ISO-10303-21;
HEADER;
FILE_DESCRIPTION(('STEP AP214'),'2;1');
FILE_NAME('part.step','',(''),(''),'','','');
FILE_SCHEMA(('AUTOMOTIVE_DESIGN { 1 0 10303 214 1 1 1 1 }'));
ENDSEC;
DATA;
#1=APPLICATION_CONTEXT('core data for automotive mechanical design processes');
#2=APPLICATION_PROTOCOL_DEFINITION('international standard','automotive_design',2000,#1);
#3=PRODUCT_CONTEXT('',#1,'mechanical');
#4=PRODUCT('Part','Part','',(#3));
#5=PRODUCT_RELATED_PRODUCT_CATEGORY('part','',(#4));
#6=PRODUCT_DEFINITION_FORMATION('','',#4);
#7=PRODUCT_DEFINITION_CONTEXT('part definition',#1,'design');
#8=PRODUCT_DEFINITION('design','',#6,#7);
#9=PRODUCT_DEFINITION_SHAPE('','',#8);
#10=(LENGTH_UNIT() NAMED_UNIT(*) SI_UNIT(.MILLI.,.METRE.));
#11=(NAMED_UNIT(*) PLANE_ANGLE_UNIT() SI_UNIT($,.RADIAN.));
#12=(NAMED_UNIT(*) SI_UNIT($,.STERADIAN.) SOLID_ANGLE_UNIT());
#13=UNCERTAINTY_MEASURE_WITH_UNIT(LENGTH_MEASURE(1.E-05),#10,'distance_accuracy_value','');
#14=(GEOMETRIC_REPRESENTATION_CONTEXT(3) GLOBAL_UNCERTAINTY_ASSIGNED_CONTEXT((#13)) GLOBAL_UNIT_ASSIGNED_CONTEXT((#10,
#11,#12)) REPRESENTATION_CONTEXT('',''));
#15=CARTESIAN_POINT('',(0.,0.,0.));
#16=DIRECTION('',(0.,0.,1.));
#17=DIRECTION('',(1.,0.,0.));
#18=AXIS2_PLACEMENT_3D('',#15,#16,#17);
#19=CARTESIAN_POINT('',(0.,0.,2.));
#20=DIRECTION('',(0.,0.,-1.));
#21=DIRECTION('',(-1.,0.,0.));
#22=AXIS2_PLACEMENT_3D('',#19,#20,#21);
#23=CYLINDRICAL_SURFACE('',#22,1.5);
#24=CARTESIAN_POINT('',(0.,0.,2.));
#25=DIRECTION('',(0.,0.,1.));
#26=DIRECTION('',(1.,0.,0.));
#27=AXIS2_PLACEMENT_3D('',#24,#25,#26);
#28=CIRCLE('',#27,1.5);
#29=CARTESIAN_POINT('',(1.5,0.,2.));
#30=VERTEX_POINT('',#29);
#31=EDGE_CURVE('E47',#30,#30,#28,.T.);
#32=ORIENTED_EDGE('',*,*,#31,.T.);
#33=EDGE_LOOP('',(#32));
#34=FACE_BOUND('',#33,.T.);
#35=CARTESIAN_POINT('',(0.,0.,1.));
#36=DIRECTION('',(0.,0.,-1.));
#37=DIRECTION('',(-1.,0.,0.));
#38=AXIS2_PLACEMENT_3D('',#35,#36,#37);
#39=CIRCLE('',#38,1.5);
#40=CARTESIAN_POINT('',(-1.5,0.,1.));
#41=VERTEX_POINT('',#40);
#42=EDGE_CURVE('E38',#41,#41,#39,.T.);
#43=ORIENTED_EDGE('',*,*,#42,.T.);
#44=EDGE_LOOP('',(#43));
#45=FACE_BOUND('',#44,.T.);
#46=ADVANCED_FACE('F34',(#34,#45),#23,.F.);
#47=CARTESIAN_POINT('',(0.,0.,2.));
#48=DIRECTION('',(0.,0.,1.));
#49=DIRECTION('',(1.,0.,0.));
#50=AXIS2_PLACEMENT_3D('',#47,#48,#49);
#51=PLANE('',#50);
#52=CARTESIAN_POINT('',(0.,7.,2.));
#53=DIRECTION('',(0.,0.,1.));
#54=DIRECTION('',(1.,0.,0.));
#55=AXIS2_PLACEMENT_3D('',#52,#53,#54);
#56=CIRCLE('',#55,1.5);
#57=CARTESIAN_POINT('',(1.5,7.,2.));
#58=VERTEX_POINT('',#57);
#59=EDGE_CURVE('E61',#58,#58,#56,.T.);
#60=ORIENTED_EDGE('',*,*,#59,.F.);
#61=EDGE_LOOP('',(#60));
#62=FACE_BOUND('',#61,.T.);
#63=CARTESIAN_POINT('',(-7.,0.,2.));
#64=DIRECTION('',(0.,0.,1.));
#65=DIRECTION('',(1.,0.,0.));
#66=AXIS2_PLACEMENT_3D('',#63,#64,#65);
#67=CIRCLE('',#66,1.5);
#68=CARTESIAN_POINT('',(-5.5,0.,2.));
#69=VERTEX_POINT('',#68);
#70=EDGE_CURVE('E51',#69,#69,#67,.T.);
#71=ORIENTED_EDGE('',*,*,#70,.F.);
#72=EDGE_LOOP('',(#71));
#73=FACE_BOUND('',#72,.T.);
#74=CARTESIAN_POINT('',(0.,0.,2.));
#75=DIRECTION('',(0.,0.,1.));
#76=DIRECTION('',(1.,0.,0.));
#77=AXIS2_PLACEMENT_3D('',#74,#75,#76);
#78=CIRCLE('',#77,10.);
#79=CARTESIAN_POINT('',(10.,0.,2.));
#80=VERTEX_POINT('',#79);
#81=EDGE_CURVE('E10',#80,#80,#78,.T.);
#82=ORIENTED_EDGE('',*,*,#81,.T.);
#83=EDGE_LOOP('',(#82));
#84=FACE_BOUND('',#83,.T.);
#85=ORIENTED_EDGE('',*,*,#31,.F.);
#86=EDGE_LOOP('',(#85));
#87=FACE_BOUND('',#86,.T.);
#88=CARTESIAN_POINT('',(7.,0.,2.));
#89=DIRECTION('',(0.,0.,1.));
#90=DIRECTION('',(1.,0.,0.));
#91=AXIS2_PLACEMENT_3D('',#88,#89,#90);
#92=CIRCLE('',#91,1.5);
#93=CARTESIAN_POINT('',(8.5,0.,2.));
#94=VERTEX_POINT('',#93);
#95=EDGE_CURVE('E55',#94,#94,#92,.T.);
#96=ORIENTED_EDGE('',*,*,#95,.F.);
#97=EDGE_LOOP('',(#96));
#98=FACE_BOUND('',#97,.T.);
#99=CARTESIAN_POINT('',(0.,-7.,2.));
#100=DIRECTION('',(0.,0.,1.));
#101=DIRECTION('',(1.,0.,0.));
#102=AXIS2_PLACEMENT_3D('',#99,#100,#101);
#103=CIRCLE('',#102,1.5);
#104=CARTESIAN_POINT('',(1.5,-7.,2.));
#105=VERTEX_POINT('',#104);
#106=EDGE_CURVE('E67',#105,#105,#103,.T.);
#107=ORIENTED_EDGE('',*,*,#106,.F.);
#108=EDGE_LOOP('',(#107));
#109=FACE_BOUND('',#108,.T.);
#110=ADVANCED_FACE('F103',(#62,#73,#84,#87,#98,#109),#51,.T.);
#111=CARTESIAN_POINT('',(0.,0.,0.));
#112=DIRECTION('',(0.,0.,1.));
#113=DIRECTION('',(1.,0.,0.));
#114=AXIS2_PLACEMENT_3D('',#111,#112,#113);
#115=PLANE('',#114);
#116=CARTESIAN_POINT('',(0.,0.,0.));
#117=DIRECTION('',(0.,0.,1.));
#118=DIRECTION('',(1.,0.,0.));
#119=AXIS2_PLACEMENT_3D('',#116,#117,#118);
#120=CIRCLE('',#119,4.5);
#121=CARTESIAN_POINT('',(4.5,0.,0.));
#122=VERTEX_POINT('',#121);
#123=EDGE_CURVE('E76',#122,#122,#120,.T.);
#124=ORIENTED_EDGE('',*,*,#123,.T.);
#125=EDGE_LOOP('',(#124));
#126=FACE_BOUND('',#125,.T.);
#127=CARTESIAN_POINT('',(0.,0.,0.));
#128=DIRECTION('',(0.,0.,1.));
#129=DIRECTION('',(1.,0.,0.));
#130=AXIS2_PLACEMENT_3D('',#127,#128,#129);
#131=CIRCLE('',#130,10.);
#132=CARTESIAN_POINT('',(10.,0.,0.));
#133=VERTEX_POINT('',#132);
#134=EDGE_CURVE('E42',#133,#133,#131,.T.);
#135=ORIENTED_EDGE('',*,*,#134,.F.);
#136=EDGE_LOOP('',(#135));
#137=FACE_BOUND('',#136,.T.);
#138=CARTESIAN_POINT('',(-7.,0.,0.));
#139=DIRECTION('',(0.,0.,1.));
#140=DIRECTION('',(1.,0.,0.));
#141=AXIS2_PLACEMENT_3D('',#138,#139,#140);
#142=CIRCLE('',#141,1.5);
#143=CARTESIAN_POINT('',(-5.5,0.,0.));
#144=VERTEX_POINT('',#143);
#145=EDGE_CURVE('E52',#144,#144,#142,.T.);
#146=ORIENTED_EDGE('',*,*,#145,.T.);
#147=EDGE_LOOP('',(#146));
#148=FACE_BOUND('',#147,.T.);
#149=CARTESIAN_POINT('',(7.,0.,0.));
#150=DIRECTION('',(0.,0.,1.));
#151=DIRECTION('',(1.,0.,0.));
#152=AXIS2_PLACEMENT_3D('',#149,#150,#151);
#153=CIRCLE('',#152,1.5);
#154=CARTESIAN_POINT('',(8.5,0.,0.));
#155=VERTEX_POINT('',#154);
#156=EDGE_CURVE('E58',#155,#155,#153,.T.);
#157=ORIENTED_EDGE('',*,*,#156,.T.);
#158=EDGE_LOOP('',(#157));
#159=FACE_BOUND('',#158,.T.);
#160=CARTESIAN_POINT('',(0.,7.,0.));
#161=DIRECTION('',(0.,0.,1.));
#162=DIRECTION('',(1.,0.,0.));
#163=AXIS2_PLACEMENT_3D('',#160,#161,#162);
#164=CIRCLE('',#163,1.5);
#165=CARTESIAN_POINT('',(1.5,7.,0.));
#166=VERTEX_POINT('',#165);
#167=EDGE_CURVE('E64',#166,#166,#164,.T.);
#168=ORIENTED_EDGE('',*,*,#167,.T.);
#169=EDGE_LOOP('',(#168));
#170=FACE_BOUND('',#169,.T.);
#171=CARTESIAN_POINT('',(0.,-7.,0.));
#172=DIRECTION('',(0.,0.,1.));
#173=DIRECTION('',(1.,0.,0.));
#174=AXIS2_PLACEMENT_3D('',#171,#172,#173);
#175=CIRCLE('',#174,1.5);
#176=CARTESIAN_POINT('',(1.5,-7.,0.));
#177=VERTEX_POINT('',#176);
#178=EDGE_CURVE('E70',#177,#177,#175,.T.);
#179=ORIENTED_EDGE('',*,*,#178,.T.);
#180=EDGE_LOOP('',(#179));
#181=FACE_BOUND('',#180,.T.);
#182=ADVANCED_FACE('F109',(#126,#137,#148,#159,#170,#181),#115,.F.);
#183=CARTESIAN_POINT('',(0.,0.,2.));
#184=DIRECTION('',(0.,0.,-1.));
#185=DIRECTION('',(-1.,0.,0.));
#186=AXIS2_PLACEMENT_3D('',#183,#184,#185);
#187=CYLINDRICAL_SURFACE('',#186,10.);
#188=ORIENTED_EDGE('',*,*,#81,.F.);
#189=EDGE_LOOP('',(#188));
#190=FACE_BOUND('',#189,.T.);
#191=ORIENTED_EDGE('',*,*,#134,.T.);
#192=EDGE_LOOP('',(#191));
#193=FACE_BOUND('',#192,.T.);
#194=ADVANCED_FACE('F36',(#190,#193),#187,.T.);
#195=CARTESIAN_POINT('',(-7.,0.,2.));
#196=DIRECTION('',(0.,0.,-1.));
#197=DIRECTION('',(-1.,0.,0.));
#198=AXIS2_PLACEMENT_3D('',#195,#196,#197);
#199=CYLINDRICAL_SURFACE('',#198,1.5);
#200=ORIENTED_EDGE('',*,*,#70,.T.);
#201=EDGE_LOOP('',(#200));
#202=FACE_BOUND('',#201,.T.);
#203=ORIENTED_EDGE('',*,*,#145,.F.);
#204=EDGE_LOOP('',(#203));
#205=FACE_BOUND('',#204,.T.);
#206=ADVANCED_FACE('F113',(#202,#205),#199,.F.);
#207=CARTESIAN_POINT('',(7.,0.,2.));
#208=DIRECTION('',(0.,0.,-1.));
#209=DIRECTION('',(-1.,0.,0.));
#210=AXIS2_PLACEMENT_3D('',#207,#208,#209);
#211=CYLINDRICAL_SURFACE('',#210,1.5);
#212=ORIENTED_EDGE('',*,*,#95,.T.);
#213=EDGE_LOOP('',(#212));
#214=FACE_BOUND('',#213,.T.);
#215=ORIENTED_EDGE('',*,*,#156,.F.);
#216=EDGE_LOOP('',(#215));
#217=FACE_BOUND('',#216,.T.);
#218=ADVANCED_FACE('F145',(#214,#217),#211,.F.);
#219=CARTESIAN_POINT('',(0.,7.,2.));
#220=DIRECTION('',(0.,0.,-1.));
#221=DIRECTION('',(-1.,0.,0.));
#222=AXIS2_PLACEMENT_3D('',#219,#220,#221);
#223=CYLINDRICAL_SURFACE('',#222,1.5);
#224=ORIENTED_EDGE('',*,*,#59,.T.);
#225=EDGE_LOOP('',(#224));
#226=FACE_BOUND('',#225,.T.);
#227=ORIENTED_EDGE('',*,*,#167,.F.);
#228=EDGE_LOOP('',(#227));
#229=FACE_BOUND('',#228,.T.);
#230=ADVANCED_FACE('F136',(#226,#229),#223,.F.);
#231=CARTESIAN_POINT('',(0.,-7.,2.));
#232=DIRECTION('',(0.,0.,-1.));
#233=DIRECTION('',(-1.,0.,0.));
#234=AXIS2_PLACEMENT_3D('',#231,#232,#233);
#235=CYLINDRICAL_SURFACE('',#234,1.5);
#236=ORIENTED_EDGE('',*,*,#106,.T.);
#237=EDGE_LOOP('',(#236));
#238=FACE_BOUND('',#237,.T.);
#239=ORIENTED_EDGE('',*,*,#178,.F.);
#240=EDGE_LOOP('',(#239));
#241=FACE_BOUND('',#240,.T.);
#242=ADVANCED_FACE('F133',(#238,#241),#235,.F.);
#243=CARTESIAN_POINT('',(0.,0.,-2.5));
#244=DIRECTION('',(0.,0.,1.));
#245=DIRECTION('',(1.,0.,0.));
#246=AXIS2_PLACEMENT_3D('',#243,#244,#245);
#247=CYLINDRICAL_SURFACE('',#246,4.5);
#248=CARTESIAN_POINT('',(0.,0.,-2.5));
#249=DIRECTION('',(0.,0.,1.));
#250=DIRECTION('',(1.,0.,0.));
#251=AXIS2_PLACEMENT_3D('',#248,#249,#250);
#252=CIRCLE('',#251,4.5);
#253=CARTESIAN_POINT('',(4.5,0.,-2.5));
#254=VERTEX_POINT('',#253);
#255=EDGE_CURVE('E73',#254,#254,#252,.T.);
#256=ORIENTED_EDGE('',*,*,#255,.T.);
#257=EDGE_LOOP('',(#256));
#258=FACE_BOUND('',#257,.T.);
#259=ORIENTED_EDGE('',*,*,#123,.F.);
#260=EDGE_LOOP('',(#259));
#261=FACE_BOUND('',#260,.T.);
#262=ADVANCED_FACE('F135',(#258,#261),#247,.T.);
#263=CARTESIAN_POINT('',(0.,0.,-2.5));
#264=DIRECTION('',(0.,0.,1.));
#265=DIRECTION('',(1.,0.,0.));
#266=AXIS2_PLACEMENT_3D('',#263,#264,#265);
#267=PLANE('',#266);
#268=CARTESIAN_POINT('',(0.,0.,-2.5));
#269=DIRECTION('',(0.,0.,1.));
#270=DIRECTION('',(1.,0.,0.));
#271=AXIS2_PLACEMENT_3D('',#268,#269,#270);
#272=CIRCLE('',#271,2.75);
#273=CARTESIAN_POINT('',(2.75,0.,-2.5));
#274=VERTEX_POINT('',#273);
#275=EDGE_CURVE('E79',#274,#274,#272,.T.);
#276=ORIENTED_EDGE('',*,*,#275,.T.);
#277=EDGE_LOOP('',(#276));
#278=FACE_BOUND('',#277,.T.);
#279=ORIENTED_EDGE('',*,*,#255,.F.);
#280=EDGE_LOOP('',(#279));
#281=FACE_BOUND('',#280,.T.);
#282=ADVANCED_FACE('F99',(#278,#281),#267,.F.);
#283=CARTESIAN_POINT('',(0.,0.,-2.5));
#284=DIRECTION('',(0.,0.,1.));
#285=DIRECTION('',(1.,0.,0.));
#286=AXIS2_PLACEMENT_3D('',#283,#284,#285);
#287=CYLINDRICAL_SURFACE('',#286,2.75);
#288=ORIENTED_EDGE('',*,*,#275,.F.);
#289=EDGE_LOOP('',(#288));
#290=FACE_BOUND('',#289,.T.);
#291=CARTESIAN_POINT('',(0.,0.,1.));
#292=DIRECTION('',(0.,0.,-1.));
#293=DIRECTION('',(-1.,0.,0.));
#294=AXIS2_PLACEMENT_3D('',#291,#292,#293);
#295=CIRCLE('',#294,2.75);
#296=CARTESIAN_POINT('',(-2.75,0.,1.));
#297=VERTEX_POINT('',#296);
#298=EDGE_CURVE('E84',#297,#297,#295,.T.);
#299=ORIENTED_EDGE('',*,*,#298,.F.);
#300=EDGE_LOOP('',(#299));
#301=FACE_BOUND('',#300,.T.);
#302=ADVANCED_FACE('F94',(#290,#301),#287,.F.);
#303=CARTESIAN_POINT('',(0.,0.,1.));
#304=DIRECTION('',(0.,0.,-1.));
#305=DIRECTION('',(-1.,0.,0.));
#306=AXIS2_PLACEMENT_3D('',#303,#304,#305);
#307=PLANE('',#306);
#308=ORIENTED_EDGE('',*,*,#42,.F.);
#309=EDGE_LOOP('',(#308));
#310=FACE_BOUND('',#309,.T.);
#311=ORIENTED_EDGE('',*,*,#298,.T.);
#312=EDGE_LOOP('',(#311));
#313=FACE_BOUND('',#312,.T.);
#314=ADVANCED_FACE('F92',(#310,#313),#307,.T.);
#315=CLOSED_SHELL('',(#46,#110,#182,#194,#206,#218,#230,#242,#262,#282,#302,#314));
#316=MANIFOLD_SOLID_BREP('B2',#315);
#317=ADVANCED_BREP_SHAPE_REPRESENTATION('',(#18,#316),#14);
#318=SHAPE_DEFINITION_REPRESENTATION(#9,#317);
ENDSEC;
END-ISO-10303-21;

• [Task item] From the material above, set down exactly the lines starting at the one with "#220=DIRECTION('',(0.,0.,-1.));" and ending at the one with "#277=EDGE_LOOP('',(#276));", end lines included.

• [Solution to this task]
#220=DIRECTION('',(0.,0.,-1.));
#221=DIRECTION('',(-1.,0.,0.));
#222=AXIS2_PLACEMENT_3D('',#219,#220,#221);
#223=CYLINDRICAL_SURFACE('',#222,1.5);
#224=ORIENTED_EDGE('',*,*,#59,.T.);
#225=EDGE_LOOP('',(#224));
#226=FACE_BOUND('',#225,.T.);
#227=ORIENTED_EDGE('',*,*,#167,.F.);
#228=EDGE_LOOP('',(#227));
#229=FACE_BOUND('',#228,.T.);
#230=ADVANCED_FACE('F136',(#226,#229),#223,.F.);
#231=CARTESIAN_POINT('',(0.,-7.,2.));
#232=DIRECTION('',(0.,0.,-1.));
#233=DIRECTION('',(-1.,0.,0.));
#234=AXIS2_PLACEMENT_3D('',#231,#232,#233);
#235=CYLINDRICAL_SURFACE('',#234,1.5);
#236=ORIENTED_EDGE('',*,*,#106,.T.);
#237=EDGE_LOOP('',(#236));
#238=FACE_BOUND('',#237,.T.);
#239=ORIENTED_EDGE('',*,*,#178,.F.);
#240=EDGE_LOOP('',(#239));
#241=FACE_BOUND('',#240,.T.);
#242=ADVANCED_FACE('F133',(#238,#241),#235,.F.);
#243=CARTESIAN_POINT('',(0.,0.,-2.5));
#244=DIRECTION('',(0.,0.,1.));
#245=DIRECTION('',(1.,0.,0.));
#246=AXIS2_PLACEMENT_3D('',#243,#244,#245);
#247=CYLINDRICAL_SURFACE('',#246,4.5);
#248=CARTESIAN_POINT('',(0.,0.,-2.5));
#249=DIRECTION('',(0.,0.,1.));
#250=DIRECTION('',(1.,0.,0.));
#251=AXIS2_PLACEMENT_3D('',#248,#249,#250);
#252=CIRCLE('',#251,4.5);
#253=CARTESIAN_POINT('',(4.5,0.,-2.5));
#254=VERTEX_POINT('',#253);
#255=EDGE_CURVE('E73',#254,#254,#252,.T.);
#256=ORIENTED_EDGE('',*,*,#255,.T.);
#257=EDGE_LOOP('',(#256));
#258=FACE_BOUND('',#257,.T.);
#259=ORIENTED_EDGE('',*,*,#123,.F.);
#260=EDGE_LOOP('',(#259));
#261=FACE_BOUND('',#260,.T.);
#262=ADVANCED_FACE('F135',(#258,#261),#247,.T.);
#263=CARTESIAN_POINT('',(0.,0.,-2.5));
#264=DIRECTION('',(0.,0.,1.));
#265=DIRECTION('',(1.,0.,0.));
#266=AXIS2_PLACEMENT_3D('',#263,#264,#265);
#267=PLANE('',#266);
#268=CARTESIAN_POINT('',(0.,0.,-2.5));
#269=DIRECTION('',(0.,0.,1.));
#270=DIRECTION('',(1.,0.,0.));
#271=AXIS2_PLACEMENT_3D('',#268,#269,#270);
#272=CIRCLE('',#271,2.75);
#273=CARTESIAN_POINT('',(2.75,0.,-2.5));
#274=VERTEX_POINT('',#273);
#275=EDGE_CURVE('E79',#274,#274,#272,.T.);
#276=ORIENTED_EDGE('',*,*,#275,.T.);
#277=EDGE_LOOP('',(#276));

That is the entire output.